■ TASK STATEMENT
Transcribe only part of the material below: the lines from the one containing "#33=EDGE_LOOP('',(#32));" through the one containing "#49=DIRECTION('',(1.,0.,0.));", inclusive, exactly as written.

■ TASK INPUT
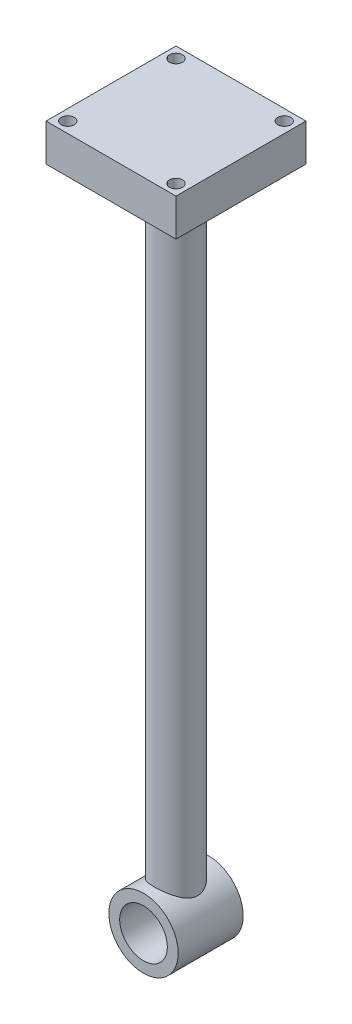
ISO-10303-21;
HEADER;
FILE_DESCRIPTION(('STEP AP214'),'2;1');
FILE_NAME('part.step','',(''),(''),'','','');
FILE_SCHEMA(('AUTOMOTIVE_DESIGN { 1 0 10303 214 1 1 1 1 }'));
ENDSEC;
DATA;
#1=APPLICATION_CONTEXT('core data for automotive mechanical design processes');
#2=APPLICATION_PROTOCOL_DEFINITION('international standard','automotive_design',2000,#1);
#3=PRODUCT_CONTEXT('',#1,'mechanical');
#4=PRODUCT('Part','Part','',(#3));
#5=PRODUCT_RELATED_PRODUCT_CATEGORY('part','',(#4));
#6=PRODUCT_DEFINITION_FORMATION('','',#4);
#7=PRODUCT_DEFINITION_CONTEXT('part definition',#1,'design');
#8=PRODUCT_DEFINITION('design','',#6,#7);
#9=PRODUCT_DEFINITION_SHAPE('','',#8);
#10=(LENGTH_UNIT() NAMED_UNIT(*) SI_UNIT(.MILLI.,.METRE.));
#11=(NAMED_UNIT(*) PLANE_ANGLE_UNIT() SI_UNIT($,.RADIAN.));
#12=(NAMED_UNIT(*) SI_UNIT($,.STERADIAN.) SOLID_ANGLE_UNIT());
#13=UNCERTAINTY_MEASURE_WITH_UNIT(LENGTH_MEASURE(1.E-05),#10,'distance_accuracy_value','');
#14=(GEOMETRIC_REPRESENTATION_CONTEXT(3) GLOBAL_UNCERTAINTY_ASSIGNED_CONTEXT((#13)) GLOBAL_UNIT_ASSIGNED_CONTEXT((#10,
#11,#12)) REPRESENTATION_CONTEXT('',''));
#15=CARTESIAN_POINT('',(0.,0.,0.));
#16=DIRECTION('',(0.,0.,1.));
#17=DIRECTION('',(1.,0.,0.));
#18=AXIS2_PLACEMENT_3D('',#15,#16,#17);
#19=CARTESIAN_POINT('',(0.,0.,7.5));
#20=DIRECTION('',(0.,0.,1.));
#21=DIRECTION('',(1.,0.,0.));
#22=AXIS2_PLACEMENT_3D('',#19,#20,#21);
#23=PLANE('',#22);
#24=CARTESIAN_POINT('',(0.,0.,7.5));
#25=DIRECTION('',(0.,0.,1.));
#26=DIRECTION('',(1.,0.,0.));
#27=AXIS2_PLACEMENT_3D('',#24,#25,#26);
#28=CIRCLE('',#27,8.);
#29=CARTESIAN_POINT('',(8.,0.,7.5));
#30=VERTEX_POINT('',#29);
#31=EDGE_CURVE('E11',#30,#30,#28,.T.);
#32=ORIENTED_EDGE('',*,*,#31,.T.);
#33=EDGE_LOOP('',(#32));
#34=FACE_BOUND('',#33,.T.);
#35=CARTESIAN_POINT('',(0.,0.,7.5));
#36=DIRECTION('',(0.,0.,1.));
#37=DIRECTION('',(1.,0.,0.));
#38=AXIS2_PLACEMENT_3D('',#35,#36,#37);
#39=CIRCLE('',#38,5.5);
#40=CARTESIAN_POINT('',(5.5,0.,7.5));
#41=VERTEX_POINT('',#40);
#42=EDGE_CURVE('E143',#41,#41,#39,.T.);
#43=ORIENTED_EDGE('',*,*,#42,.F.);
#44=EDGE_LOOP('',(#43));
#45=FACE_BOUND('',#44,.T.);
#46=ADVANCED_FACE('F39',(#34,#45),#23,.T.);
#47=CARTESIAN_POINT('',(0.,0.,-7.5));
#48=DIRECTION('',(0.,0.,1.));
#49=DIRECTION('',(1.,0.,0.));
#50=AXIS2_PLACEMENT_3D('',#47,#48,#49);
#51=PLANE('',#50);
#52=CARTESIAN_POINT('',(0.,0.,-7.5));
#53=DIRECTION('',(0.,0.,1.));
#54=DIRECTION('',(1.,0.,0.));
#55=AXIS2_PLACEMENT_3D('',#52,#53,#54);
#56=CIRCLE('',#55,8.);
#57=CARTESIAN_POINT('',(8.,0.,-7.5));
#58=VERTEX_POINT('',#57);
#59=EDGE_CURVE('E43',#58,#58,#56,.T.);
#60=ORIENTED_EDGE('',*,*,#59,.F.);
#61=EDGE_LOOP('',(#60));
#62=FACE_BOUND('',#61,.T.);
#63=CARTESIAN_POINT('',(0.,0.,-7.5));
#64=DIRECTION('',(0.,0.,1.));
#65=DIRECTION('',(1.,0.,0.));
#66=AXIS2_PLACEMENT_3D('',#63,#64,#65);
#67=CIRCLE('',#66,5.5);
#68=CARTESIAN_POINT('',(5.5,0.,-7.5));
#69=VERTEX_POINT('',#68);
#70=EDGE_CURVE('E142',#69,#69,#67,.T.);
#71=ORIENTED_EDGE('',*,*,#70,.T.);
#72=EDGE_LOOP('',(#71));
#73=FACE_BOUND('',#72,.T.);
#74=ADVANCED_FACE('F188',(#62,#73),#51,.F.);
#75=CARTESIAN_POINT('',(0.,0.,7.5));
#76=DIRECTION('',(0.,0.,-1.));
#77=DIRECTION('',(-1.,0.,0.));
#78=AXIS2_PLACEMENT_3D('',#75,#76,#77);
#79=CYLINDRICAL_SURFACE('',#78,8.);
#80=CARTESIAN_POINT('',(0.,8.,5.));
#81=CARTESIAN_POINT('',(0.127079718194144,7.99999969932037,4.999999703158));
#82=CARTESIAN_POINT('',(0.254165976353162,7.99696526438072,4.99514877169044));
#83=CARTESIAN_POINT('',(0.507365681398697,7.98490163345175,4.97581254301626));
#84=CARTESIAN_POINT('',(0.633478681463028,7.97586983252039,4.96132305932189));
#85=CARTESIAN_POINT('',(0.883879235580955,7.95201844653618,4.9228878347618));
#86=CARTESIAN_POINT('',(1.00816396386935,7.93719071559646,4.89892878436801));
#87=CARTESIAN_POINT('',(1.25388007858571,7.90210083284868,4.8418697843255));
#88=CARTESIAN_POINT('',(1.3753102342372,7.88183638204784,4.8087659675088));
#89=CARTESIAN_POINT('',(1.61383677448202,7.83646507337636,4.7340323987006));
#90=CARTESIAN_POINT('',(1.73095311667823,7.81138511664483,4.69244993505164));
#91=CARTESIAN_POINT('',(1.96091650164603,7.75685494898749,4.60110152475158));
#92=CARTESIAN_POINT('',(2.07376186971093,7.7274030455926,4.55133240807103));
#93=CARTESIAN_POINT('',(2.40491190911409,7.63340708241437,4.39050335799431));
#94=CARTESIAN_POINT('',(2.61609848167961,7.5631697348111,4.26783654975881));
#95=CARTESIAN_POINT('',(3.03193014433838,7.40680295707224,3.98444604696249));
#96=CARTESIAN_POINT('',(3.23470598963289,7.31985233528322,3.82146546344502));
#97=CARTESIAN_POINT('',(3.61195776992338,7.1412401292643,3.46710060830363));
#98=CARTESIAN_POINT('',(3.78639500697958,7.04957232454122,3.27567816902114));
#99=CARTESIAN_POINT('',(4.03551059577151,6.90836217121019,2.95571425020991));
#100=CARTESIAN_POINT('',(4.12074022592499,6.85772204075824,2.83571286902764));
#101=CARTESIAN_POINT('',(4.28074637131475,6.75899646823101,2.58784896365527));
#102=CARTESIAN_POINT('',(4.35552092872511,6.71091150568103,2.4599849735435));
#103=CARTESIAN_POINT('',(4.49385262588457,6.61907677956953,2.19711581232401));
#104=CARTESIAN_POINT('',(4.55742717693474,6.57532033426424,2.06212215723772));
#105=CARTESIAN_POINT('',(4.67278116226383,6.49385156056843,1.78537755230288));
#106=CARTESIAN_POINT('',(4.72456056034896,6.45613925072462,1.64362658172091));
#107=CARTESIAN_POINT('',(4.80367778250345,6.39737739560479,1.39186641707947));
#108=CARTESIAN_POINT('',(4.83387146386473,6.37454329188128,1.28316394558814));
#109=CARTESIAN_POINT('',(4.8869893698177,6.33391313113232,1.06308085312618));
#110=CARTESIAN_POINT('',(4.90991524122178,6.31611593289309,0.951700845020764));
#111=CARTESIAN_POINT('',(4.94817199977536,6.28619004435451,0.727023661660449));
#112=CARTESIAN_POINT('',(4.96351189515875,6.27405463174267,0.613728926331825));
#113=CARTESIAN_POINT('',(4.98640391146144,6.25587655110007,0.385858709185192));
#114=CARTESIAN_POINT('',(4.99395573327638,6.24983411707301,0.271283178348483));
#115=CARTESIAN_POINT('',(5.00115324292108,6.24407626191297,0.0414413461846044));
#116=CARTESIAN_POINT('',(5.00077951510321,6.24437637846302,-0.0738259597953579));
#117=CARTESIAN_POINT('',(4.99208386707443,6.2513301416873,-0.30390599351606));
#118=CARTESIAN_POINT('',(4.98375903270659,6.25798611784493,-0.418718539089884));
#119=CARTESIAN_POINT('',(4.95928874246478,6.27739584443856,-0.64702108197888));
#120=CARTESIAN_POINT('',(4.94314081984502,6.29015151819107,-0.760510650571557));
#121=CARTESIAN_POINT('',(4.90327193771259,6.32127805222651,-0.985386203178624));
#122=CARTESIAN_POINT('',(4.87954784440757,6.33965123599107,-1.09677129647281));
#123=CARTESIAN_POINT('',(4.79874186577055,6.40129934062341,-1.42161998429045));
#124=CARTESIAN_POINT('',(4.73140686716691,6.4516270932374,-1.63129247784869));
#125=CARTESIAN_POINT('',(4.57160139234777,6.565824165778,-2.03668208845984));
#126=CARTESIAN_POINT('',(4.47912202607653,6.62969827340046,-2.23239423873349));
#127=CARTESIAN_POINT('',(4.25180409904384,6.77818972806845,-2.64331465324919));
#128=CARTESIAN_POINT('',(4.1122797851601,6.86445305269834,-2.85533520228094));
#129=CARTESIAN_POINT('',(3.80349790123425,7.040239090172,-3.25534918374023));
#130=CARTESIAN_POINT('',(3.63420977102789,7.12976507734762,-3.44331757440197));
#131=CARTESIAN_POINT('',(3.34462792787133,7.26825220927601,-3.7195685480643));
#132=CARTESIAN_POINT('',(3.23332743959703,7.31856628212432,-3.81674280120393));
#133=CARTESIAN_POINT('',(3.00184758289934,7.4165140520612,-4.00135111278461));
#134=CARTESIAN_POINT('',(2.88167150233175,7.464148730294,-4.0887887482357));
#135=CARTESIAN_POINT('',(2.63291547069675,7.55548277586875,-4.25323322008513));
#136=CARTESIAN_POINT('',(2.50433330649266,7.59918109959603,-4.33023729302729));
#137=CARTESIAN_POINT('',(2.23953943503379,7.68138405457136,-4.47292528813083));
#138=CARTESIAN_POINT('',(2.10333250541061,7.71989188771747,-4.53861619614163));
#139=CARTESIAN_POINT('',(1.83158498937008,7.78870197133489,-4.65466886475307));
#140=CARTESIAN_POINT('',(1.69639792018988,7.81933279806533,-4.70566229777452));
#141=CARTESIAN_POINT('',(1.42097512774063,7.87404113157595,-4.79602098961896));
#142=CARTESIAN_POINT('',(1.28074233969552,7.89812238079521,-4.83539289010581));
#143=CARTESIAN_POINT('',(0.996484502868522,7.93899345279391,-4.90186739840658));
#144=CARTESIAN_POINT('',(0.852462989802589,7.95578983464414,-4.92898104411324));
#145=CARTESIAN_POINT('',(0.561915361707666,7.98157299247508,-4.97049034997301));
#146=CARTESIAN_POINT('',(0.415389678880742,7.99056110250213,-4.98488818263482));
#147=CARTESIAN_POINT('',(0.143238039189039,7.99969867025939,-4.999520164093));
#148=CARTESIAN_POINT('',(0.0177414078568131,8.00096292697891,-5.00154086408901));
#149=CARTESIAN_POINT('',(-0.232966367766397,7.99758945182604,-4.9961427784958));
#150=CARTESIAN_POINT('',(-0.358177530272757,7.9929521077216,-4.98872461309249));
#151=CARTESIAN_POINT('',(-0.607327834496613,7.97789005521255,-4.96455622247317));
#152=CARTESIAN_POINT('',(-0.731267089300075,7.96746586594014,-4.94780683435155));
#153=CARTESIAN_POINT('',(-0.976969695221644,7.94108300214141,-4.90520930732267));
#154=CARTESIAN_POINT('',(-1.09873300792335,7.92512423000295,-4.87936100793997));
#155=CARTESIAN_POINT('',(-1.33450834578852,7.88877344649023,-4.82009055280867));
#156=CARTESIAN_POINT('',(-1.44863666980924,7.86858112898481,-4.7870073558854));
#157=CARTESIAN_POINT('',(-1.67350231741757,7.82384532964923,-4.71311096735755));
#158=CARTESIAN_POINT('',(-1.78423846943478,7.79930036395891,-4.67229513929841));
#159=CARTESIAN_POINT('',(-2.11043845304158,7.7198451952159,-4.53885022306733));
#160=CARTESIAN_POINT('',(-2.32007565393525,7.65908557136377,-4.43517728812057));
#161=CARTESIAN_POINT('',(-2.74037159603304,7.51959499245698,-4.1899279363721));
#162=CARTESIAN_POINT('',(-2.94899750641245,7.43966908727208,-4.04558186341555));
#163=CARTESIAN_POINT('',(-3.34056091506499,7.27228030716763,-3.72882840333277));
#164=CARTESIAN_POINT('',(-3.52346945040511,7.1848091107345,-3.55638984261562));
#165=CARTESIAN_POINT('',(-3.88590040481163,6.99623419569616,-3.15945503308016));
#166=CARTESIAN_POINT('',(-4.06107692783136,6.89499476958427,-2.93103560865683));
#167=CARTESIAN_POINT('',(-4.37121122716532,6.70267107654715,-2.44451241557771));
#168=CARTESIAN_POINT('',(-4.50619684735976,6.61157980658315,-2.18642937021098));
#169=CARTESIAN_POINT('',(-4.70739703071134,6.46933988973206,-1.70118604230815));
#170=CARTESIAN_POINT('',(-4.78209607779641,6.41382106492076,-1.47888427189796));
#171=CARTESIAN_POINT('',(-4.87056932795047,6.34656596743547,-1.13643451168063));
#172=CARTESIAN_POINT('',(-4.89612834571373,6.32682054908637,-1.02080987665685));
#173=CARTESIAN_POINT('',(-4.93906627660446,6.29335959003546,-0.787213009902004));
#174=CARTESIAN_POINT('',(-4.95644870968554,6.27964145480505,-0.669241811186597));
#175=CARTESIAN_POINT('',(-4.98283345322303,6.25872646567769,-0.431062976531058));
#176=CARTESIAN_POINT('',(-4.99178464992502,6.25156939465669,-0.310846149194373));
#177=CARTESIAN_POINT('',(-5.00096567028373,6.24422754057757,-0.0698650772980854));
#178=CARTESIAN_POINT('',(-5.00119553239924,6.24404272677361,0.0508991648452125));
#179=CARTESIAN_POINT('',(-4.99292458618068,6.25065867247708,0.29197552581112));
#180=CARTESIAN_POINT('',(-4.98442112542226,6.2574615542391,0.412287496131265));
#181=CARTESIAN_POINT('',(-4.95884706925013,6.27774556876195,0.65139366298223));
#182=CARTESIAN_POINT('',(-4.94177659470706,6.2912266073017,0.770187880902528));
#183=CARTESIAN_POINT('',(-4.88153513763474,6.33822773980263,1.10397138997807));
#184=CARTESIAN_POINT('',(-4.82847742875036,6.37907576446225,1.3162377600251));
#185=CARTESIAN_POINT('',(-4.69670428935884,6.47669777004122,1.728579701154));
#186=CARTESIAN_POINT('',(-4.61797815957074,6.53347839071251,1.92865014730156));
#187=CARTESIAN_POINT('',(-4.42410573147435,6.66655793133305,2.34237556307301));
#188=CARTESIAN_POINT('',(-4.30533683658203,6.74449249142917,2.55380395596852));
#189=CARTESIAN_POINT('',(-4.04000963034607,6.90670498235136,2.9557507046809));
#190=CARTESIAN_POINT('',(-3.89342885237777,6.99098800808705,3.14625195760182));
#191=CARTESIAN_POINT('',(-3.54264024371939,7.17608994782601,3.54008396920719));
#192=CARTESIAN_POINT('',(-3.33276887019885,7.27687640364452,3.73847789009048));
#193=CARTESIAN_POINT('',(-2.99268031590093,7.42018359046303,4.00810023016021));
#194=CARTESIAN_POINT('',(-2.87498419390476,7.4666796252241,4.09337831825354));
#195=CARTESIAN_POINT('',(-2.63162062416605,7.55588019054725,4.25391486002553));
#196=CARTESIAN_POINT('',(-2.50595739502896,7.59858669939735,4.32917855200335));
#197=CARTESIAN_POINT('',(-2.24695585117553,7.67916888890582,4.46910627052635));
#198=CARTESIAN_POINT('',(-2.11359966396133,7.71703260409719,4.53374415122623));
#199=CARTESIAN_POINT('',(-1.8403912735063,7.78670745066037,4.65135006079645));
#200=CARTESIAN_POINT('',(-1.70054287903653,7.81852207637899,4.70432482984781));
#201=CARTESIAN_POINT('',(-1.415749691869,7.87506644788238,4.79771288731285));
#202=CARTESIAN_POINT('',(-1.27081981592251,7.89981525263675,4.83815999270725));
#203=CARTESIAN_POINT('',(-0.976912453464884,7.9415135957936,4.90595103285879));
#204=CARTESIAN_POINT('',(-0.827938038321416,7.95846888622183,4.93330463193523));
#205=CARTESIAN_POINT('',(-0.565708034628111,7.98076605772891,4.96918150103186));
#206=CARTESIAN_POINT('',(-0.453012043961128,7.98796542217808,4.98072550400174));
#207=CARTESIAN_POINT('',(-0.226879136348951,7.99758267549434,4.99613512360569));
#208=CARTESIAN_POINT('',(-0.113442173980088,8.00000026841223,5.00000026498644));
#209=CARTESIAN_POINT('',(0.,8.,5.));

■ EXERCISE OUTPUT
#33=EDGE_LOOP('',(#32));
#34=FACE_BOUND('',#33,.T.);
#35=CARTESIAN_POINT('',(0.,0.,7.5));
#36=DIRECTION('',(0.,0.,1.));
#37=DIRECTION('',(1.,0.,0.));
#38=AXIS2_PLACEMENT_3D('',#35,#36,#37);
#39=CIRCLE('',#38,5.5);
#40=CARTESIAN_POINT('',(5.5,0.,7.5));
#41=VERTEX_POINT('',#40);
#42=EDGE_CURVE('E143',#41,#41,#39,.T.);
#43=ORIENTED_EDGE('',*,*,#42,.F.);
#44=EDGE_LOOP('',(#43));
#45=FACE_BOUND('',#44,.T.);
#46=ADVANCED_FACE('F39',(#34,#45),#23,.T.);
#47=CARTESIAN_POINT('',(0.,0.,-7.5));
#48=DIRECTION('',(0.,0.,1.));
#49=DIRECTION('',(1.,0.,0.));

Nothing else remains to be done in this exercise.